We went straight to his bed, didn't stop for anything, because it was now gone 2am. "ah, perfect end to a perfect day. Thank you, so much, for the whole day, you've made me so happy." I sighed, curling up to my boyfriend, interlinking our fingers. "it was nothing." Tom squeezed my fingers, shifting over so he had his back to me. "but it meant the world to me, thank you, so much." I whispered, kissing Toms tshirt covered shoulder. "are you happy then?" Tom asked, his shoulder was twitching a little, like he was trying so hard to keep it there. "yes, so, so happy.
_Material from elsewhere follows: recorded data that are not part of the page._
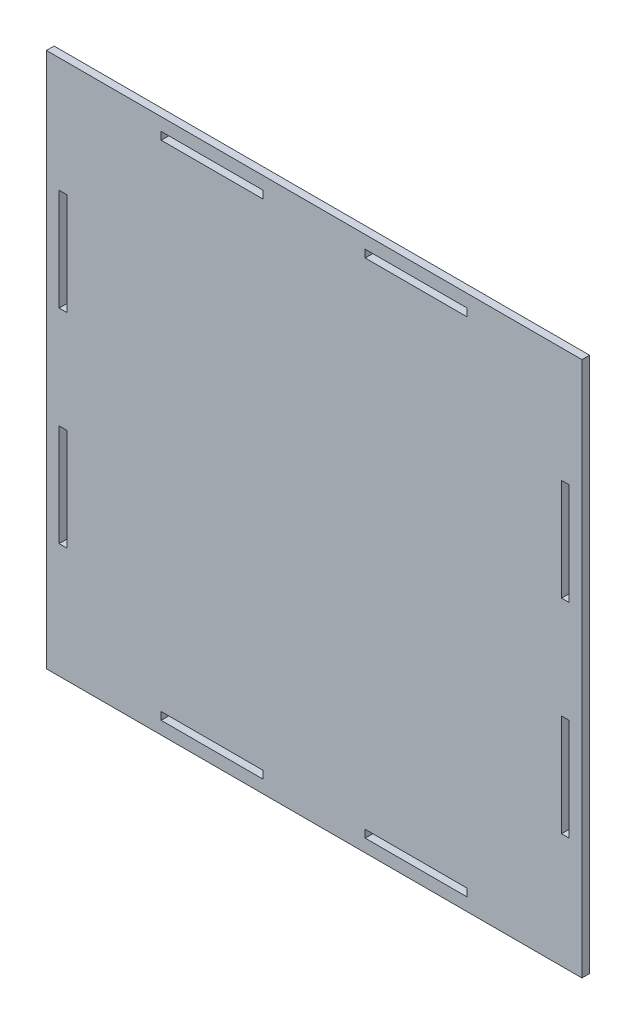
SolidWorks part; units mm, degrees
ref_plane "前视基准面" through (0, 0, 0) normal (0, 0, 1) x (1, 0, 0)
ref_plane "上视基准面" through (0, 0, 0) normal (0, 1, 0) x (1, 0, 0)
ref_plane "右视基准面" through (0, 0, 0) normal (1, 0, 0) x (0, 0, -1)
sketch "草图1" plane through (0, 0, 0) normal (0, 0, 1) x (1, 0, 0)
  line L0 (0, -100) -> (200, -100)
  line L1 (0, 0) -> (200, 0)
  line L2 (0, 0) -> (0, -200)
  line L3 (0, -200) -> (200, -200)
  line L4 (200, 0) -> (200, -200)
  line L5 (100, 0) -> (100, -200)
  line L6 (200, -80) -> (197, -80)
  line L7 (40, 0) -> (80, 0)
  line L8 (40, 0) -> (40, -3)
  line L9 (40, -3) -> (80, -3)
  line L10 (80, 0) -> (80, -3)
  line L11 (0, -40) -> (3, -40)
  line L12 (0, -40) -> (0, -80)
  line L13 (0, -80) -> (3, -80)
  line L14 (3, -40) -> (3, -80)
  line L15 (197, -40) -> (197, -80)
  line L16 (200, -40) -> (197, -40)
  line L17 (200, -40) -> (200, -80)
  line L18 (160, -3) -> (120, -3)
  line L19 (120, 0) -> (120, -3)
  line L20 (160, 0) -> (120, 0)
  line L21 (160, 0) -> (160, -3)
  line L22 (200, -160) -> (200, -120)
  line L23 (200, -160) -> (197, -160)
  line L24 (197, -160) -> (197, -120)
  line L25 (200, -120) -> (197, -120)
  line L26 (160, -200) -> (160, -197)
  line L27 (160, -200) -> (120, -200)
  line L28 (120, -200) -> (120, -197)
  line L29 (160, -197) -> (120, -197)
  line L30 (40, -197) -> (80, -197)
  line L31 (80, -200) -> (80, -197)
  line L32 (40, -200) -> (80, -200)
  line L33 (40, -200) -> (40, -197)
  line L34 (0, -120) -> (3, -120)
  line L35 (3, -160) -> (3, -120)
  line L36 (0, -160) -> (3, -160)
  line L37 (0, -160) -> (0, -120)
  line L39 (0, 0) -> (200, 0)
  line L40 (0, 0) -> (0, 5)
  line L41 (0, 5) -> (200, 5)
  line L42 (200, 0) -> (200, 5)
  line L43 (200, 5) -> (205, 5)
  line L44 (200, 5) -> (200, -200)
  line L45 (200, -200) -> (205, -200)
  line L46 (205, 5) -> (205, -200)
  line L47 (205, -200) -> (0, -200)
  line L48 (205, -200) -> (205, -205)
  line L49 (205, -205) -> (0, -205)
  line L50 (0, -200) -> (0, -205)
  line L51 (0, -205) -> (-5, -205)
  line L52 (0, -205) -> (0, 5)
  line L53 (0, 5) -> (-5, 5)
  line L54 (-5, -205) -> (-5, 5)
  dimension "D1" = 200
  dimension "D2" = 200
  dimension "D3" = 3
  dimension "D4" = 40
  dimension "D5" = 40
  dimension "D6" = 3
  dimension "D7" = 40
  dimension "D8" = 40
  dimension "D9" = 5
  dimension "D10" = 5
  dimension "D11" = 5
  dimension "D12" = 5
extrude "凸台-拉伸1" add sketch "草图1" along normal blind 3 contours L11 L14 L13 L2 L0 L5 L1 L10 L9 L8 | L36 L2 L3 L33 L30 L31 L5 L0 L34 L35 | L1 L21 L18 L19 L5 L0 L4 L6 L15 L16 | L29 L26 L3 L4 L23 L24 L25 L0 L5 L28 | L54 L51 L50 L2 L40 L53 | L1 L42 L41 L40 | L46 L43 L42 L4 L45 | L3 L50 L49 L48 L45

You've made me incredibly happy. Thank you." I smiled, running my fingers over Toms arm. "I'm glad." Tom nuzzled into his pillow, keeping a good hold on my hand.

"good, thank you so much for such a good birthday. Night night Tommy, I love you." I pressed one last kiss to Toms shoulder, nuzzling into his neck. "I know, night Danny." Tom sighed, disappointing me again that he didn't tell me he loved me too. But, I fell asleep happy, because I was cuddled up to my boyfriend, for the first time in ages, happy that he was letting me do this.